There are some options depending on the processing power available. With a real echo or reverb, the delayed signals need to be gradually attenuated as the signals die away and therefore, the delayed signal must be attenuated. This can be done either digitally or in the analogue domain. With a single source, the analogue implementation is easy. The delayed signal is converted and an analogue mixer is used to attenuate and combine the delayed signal with the original to create the reverb or echo effect. An analogue feedback bath can also be created.

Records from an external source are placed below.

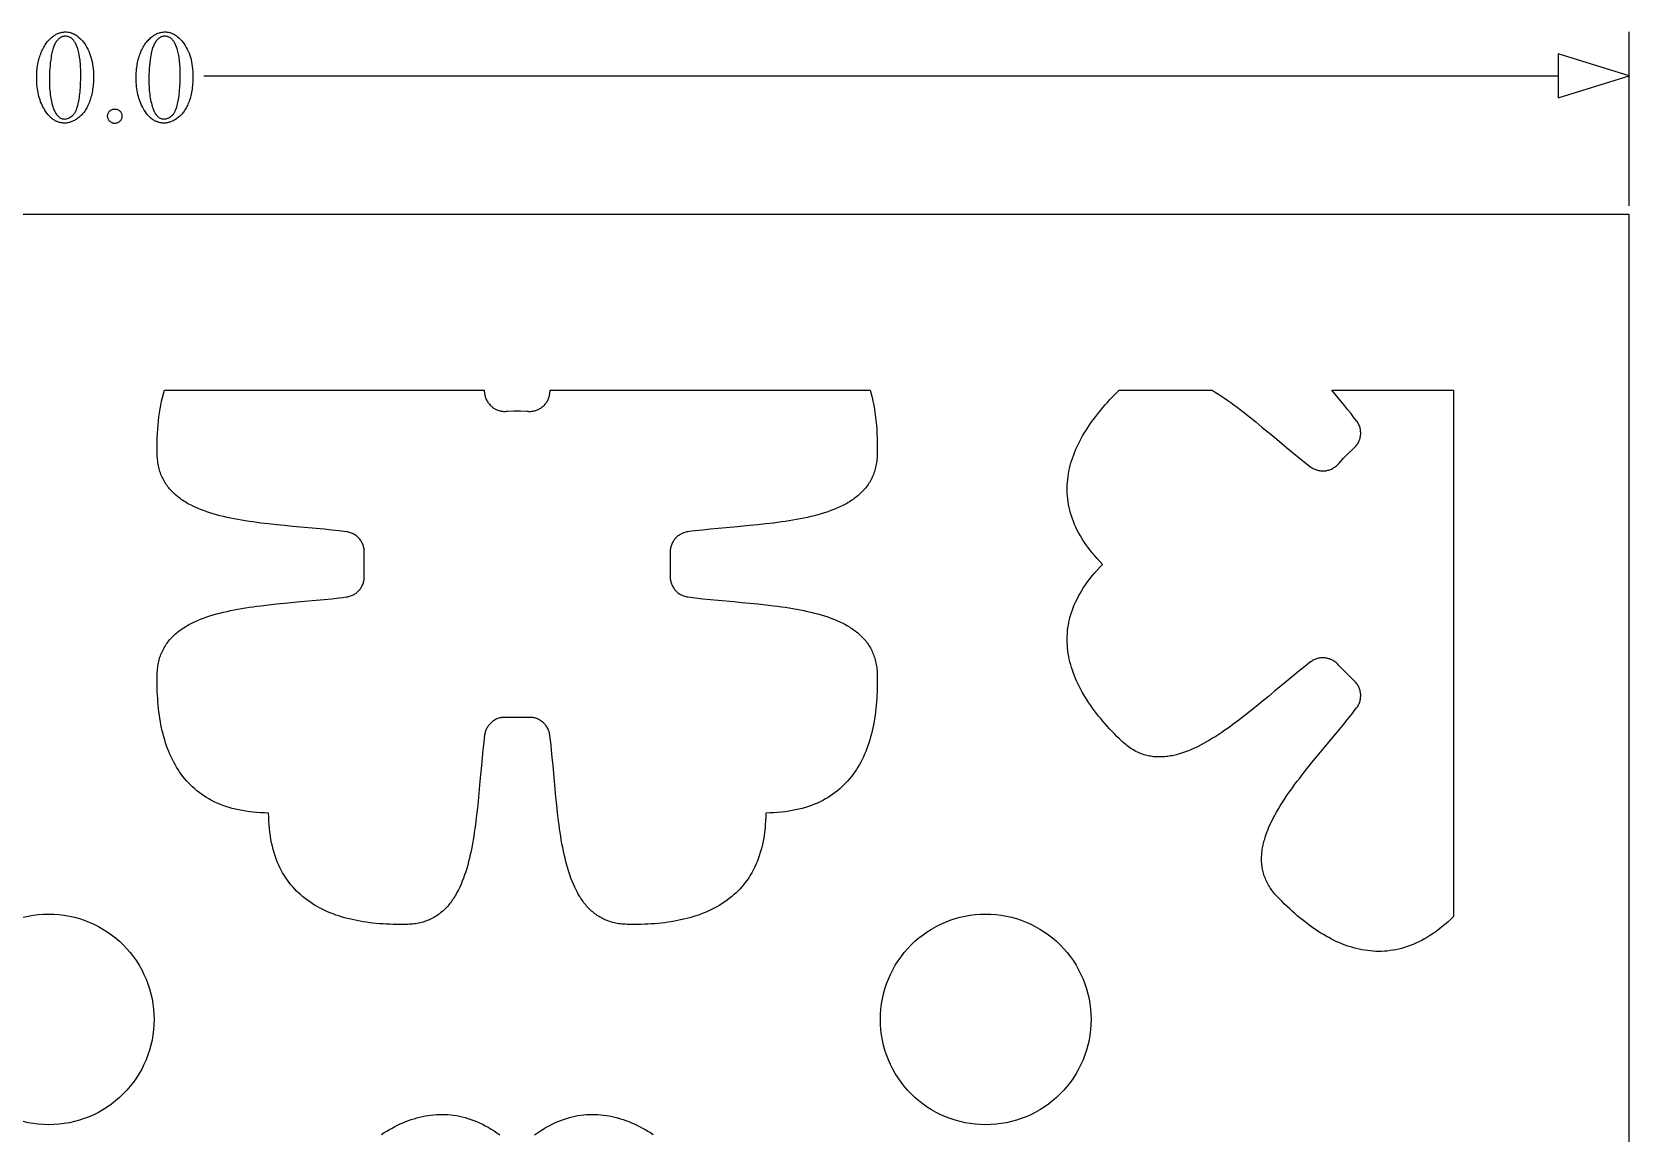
# Model space of a CAD drawing. Extents: x -1268 to 1319, y -900 to 956.
# Drawn here: x -183.9 to 270.9, y 638.5 to 952 of the extents above; entities that cross this region are included whole.
import ezdxf

# ---------------------------------------------------------------- set-up
doc = ezdxf.new("R2010")
doc.units = 0
doc.layers.add('DIMENSIONS', color=253, linetype='CONTINUOUS')
doc.layers.add('LAYER_1', color=7, linetype='CONTINUOUS')

msp = doc.modelspace()

# ---------------------------------------------------------------- linework, layer by layer
at = {"layer": 'DIMENSIONS'}
for points in [[(-182.51, 938.82), (-182.5, 939.35), (-182.49, 939.87), (-182.46, 940.38), (-182.43, 940.88), (-182.38, 941.38), (-182.33, 941.86), (-182.26, 942.33), (-182.19, 942.8), (-182.1, 943.26), (-182, 943.7), (-181.9, 944.14), (-181.78, 944.57), (-181.66, 944.99), (-181.52, 945.39), (-181.37, 945.79), (-181.22, 946.19), (-181.05, 946.57), (-180.88, 946.93), (-180.7, 947.29), (-180.52, 947.63), (-180.33, 947.96), (-180.13, 948.28), (-179.93, 948.59), (-179.72, 948.88), (-179.5, 949.16), (-179.27, 949.43), (-179.04, 949.69), (-178.81, 949.93), (-178.56, 950.16), (-178.31, 950.38), (-178.05, 950.59), (-177.79, 950.79), (-177.58, 950.93), (-177.37, 951.07), (-177.16, 951.19), (-176.95, 951.31), (-176.74, 951.42), (-176.53, 951.52), (-176.32, 951.6), (-176.1, 951.68), (-175.89, 951.75), (-175.67, 951.81), (-175.46, 951.87), (-175.24, 951.91), (-175.02, 951.94), (-174.8, 951.96), (-174.58, 951.98), (-174.36, 951.98), (-174, 951.97), (-173.65, 951.94), (-173.3, 951.88), (-172.96, 951.8), (-172.62, 951.7), (-172.29, 951.57), (-171.96, 951.42), (-171.63, 951.25), (-171.31, 951.06), (-171, 950.84), (-170.68, 950.6), (-170.38, 950.33), (-170.08, 950.05), (-169.78, 949.74), (-169.49, 949.41), (-169.2, 949.05), (-168.85, 948.59), (-168.53, 948.1), (-168.23, 947.6), (-167.95, 947.07), (-167.69, 946.53), (-167.46, 945.97), (-167.24, 945.38), (-167.05, 944.77), (-166.89, 944.15), (-166.74, 943.5), (-166.62, 942.84), (-166.52, 942.15), (-166.44, 941.45), (-166.38, 940.72), (-166.35, 939.97), (-166.34, 939.21), (-166.35, 938.67), (-166.36, 938.14), (-166.38, 937.62), (-166.42, 937.11), (-166.46, 936.62), (-166.52, 936.13), (-166.58, 935.65), (-166.65, 935.18), (-166.74, 934.73), (-166.83, 934.28), (-166.93, 933.84), (-167.05, 933.42), (-167.17, 933), (-167.3, 932.59), (-167.44, 932.2), (-167.59, 931.81), (-167.75, 931.44), (-167.92, 931.08), (-168.09, 930.73), (-168.26, 930.4), (-168.44, 930.08), (-168.63, 929.77), (-168.82, 929.47), (-169.02, 929.19), (-169.22, 928.92), (-169.43, 928.66), (-169.64, 928.42), (-169.86, 928.19), (-170.09, 927.97), (-170.32, 927.77), (-170.55, 927.58), (-170.79, 927.4), (-171.04, 927.23), (-171.28, 927.08), (-171.52, 926.93), (-171.76, 926.8), (-171.99, 926.67), (-172.23, 926.56), (-172.47, 926.46), (-172.7, 926.37), (-172.94, 926.29), (-173.17, 926.22), (-173.4, 926.16), (-173.63, 926.11), (-173.86, 926.07), (-174.09, 926.05), (-174.32, 926.03), (-174.54, 926.02), (-174.77, 926.03), (-174.99, 926.04), (-175.2, 926.06), (-175.42, 926.09), (-175.63, 926.13), (-175.84, 926.17), (-176.05, 926.23), (-176.26, 926.29), (-176.46, 926.36), (-176.66, 926.44), (-176.86, 926.52), (-177.06, 926.62), (-177.25, 926.72), (-177.44, 926.83), (-177.63, 926.95), (-177.82, 927.08), (-178.01, 927.22), (-178.19, 927.36), (-178.37, 927.51), (-178.55, 927.67), (-178.72, 927.84), (-178.9, 928.02), (-179.24, 928.4), (-179.57, 928.81), (-179.89, 929.26), (-180.2, 929.74), (-180.5, 930.25), (-180.74, 930.7), (-180.97, 931.16), (-181.18, 931.63), (-181.38, 932.12), (-181.56, 932.61), (-181.72, 933.12), (-181.87, 933.64), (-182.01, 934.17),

The multiple delayed source design can use this same analogue method but requires a separate D to A converter for each delayed signal. This can be quite expensive. Instead, the processor can add the signals together, along with attenuation factors to create a combined delay signal that can be sent to the D to A converter for combination with the original analogue signal. It is therefore possible to perform all this, including the combination with the original signal in the digital domain, and then simply output the end value to the D to A converter. With this version, the attenuation does not need to be constant and can be virtually any type of curve.

 

The disadvantage is the computation that is needed. The arithmetic that is required is saturation arithmetic which is a little more than simply adding two values together. This is needed to ensure that the combined value only provides a peak value and not cause an overflow error. In addition, all the calculations must be done within 25 µs to meet the sampling rate criteria and this can be pushing the design a little with many general-purpose processors.

 

Microprocessor selection

 

The choice of microprocessor is dependent on several factors. It must have an address range of greater than 64 kbytes and have a 16 bit data path. It must be capable of performing 16 bit arithmetic and thus this effectively rules out 8 bit micro-processors and microcontrollers.

 

In terms of architecture, multiple address pointers that auto-increment would make the circular buffer implementa-tions very efficient and therefore some like a RISC processor or a fast MC68000 would be suitable. Other architectures can certainly do the job but their additional overhead may reduce their ability to perform all the processing within the 25 µs window that there is. One way of finding this out is to create some test code and run it on a simulator or emulator, for example, to find out how many clocks it does take to execute these key routines.

 

A low cost DSP processor is also quite attractive in this type of application, especially if it supports modulo address-ing and saturation arithmetic.

 

The overall system design

 

The basic design for the system uses a hardware timer to generate a periodic interrupt every 25 µs. The associated inter-rupt service routine is where the data from the A to D converter is read and stored, the next conversion started and the delayed data taken from the buffer and combined. The pointers are updated before returning from the service routine. In this way, the sampling is done on a regular basis and is given a higher priority than the background processing.

 

While the processor is not servicing the interrupt, it stays in a forever loop, polling the user interface for parameters and commands. The delay times are changed by manipulating the pointers. It is possible to do this by changing the sampling rate instead but the audio quality does not stay constant.

The system initialises by clearing the RAM to zero and using some of it to hold the program code which is copied from EPROM. If a battery backed SRAM is used instead, then used defined parameters and settings could be stored here as well and retained when the system is switched off.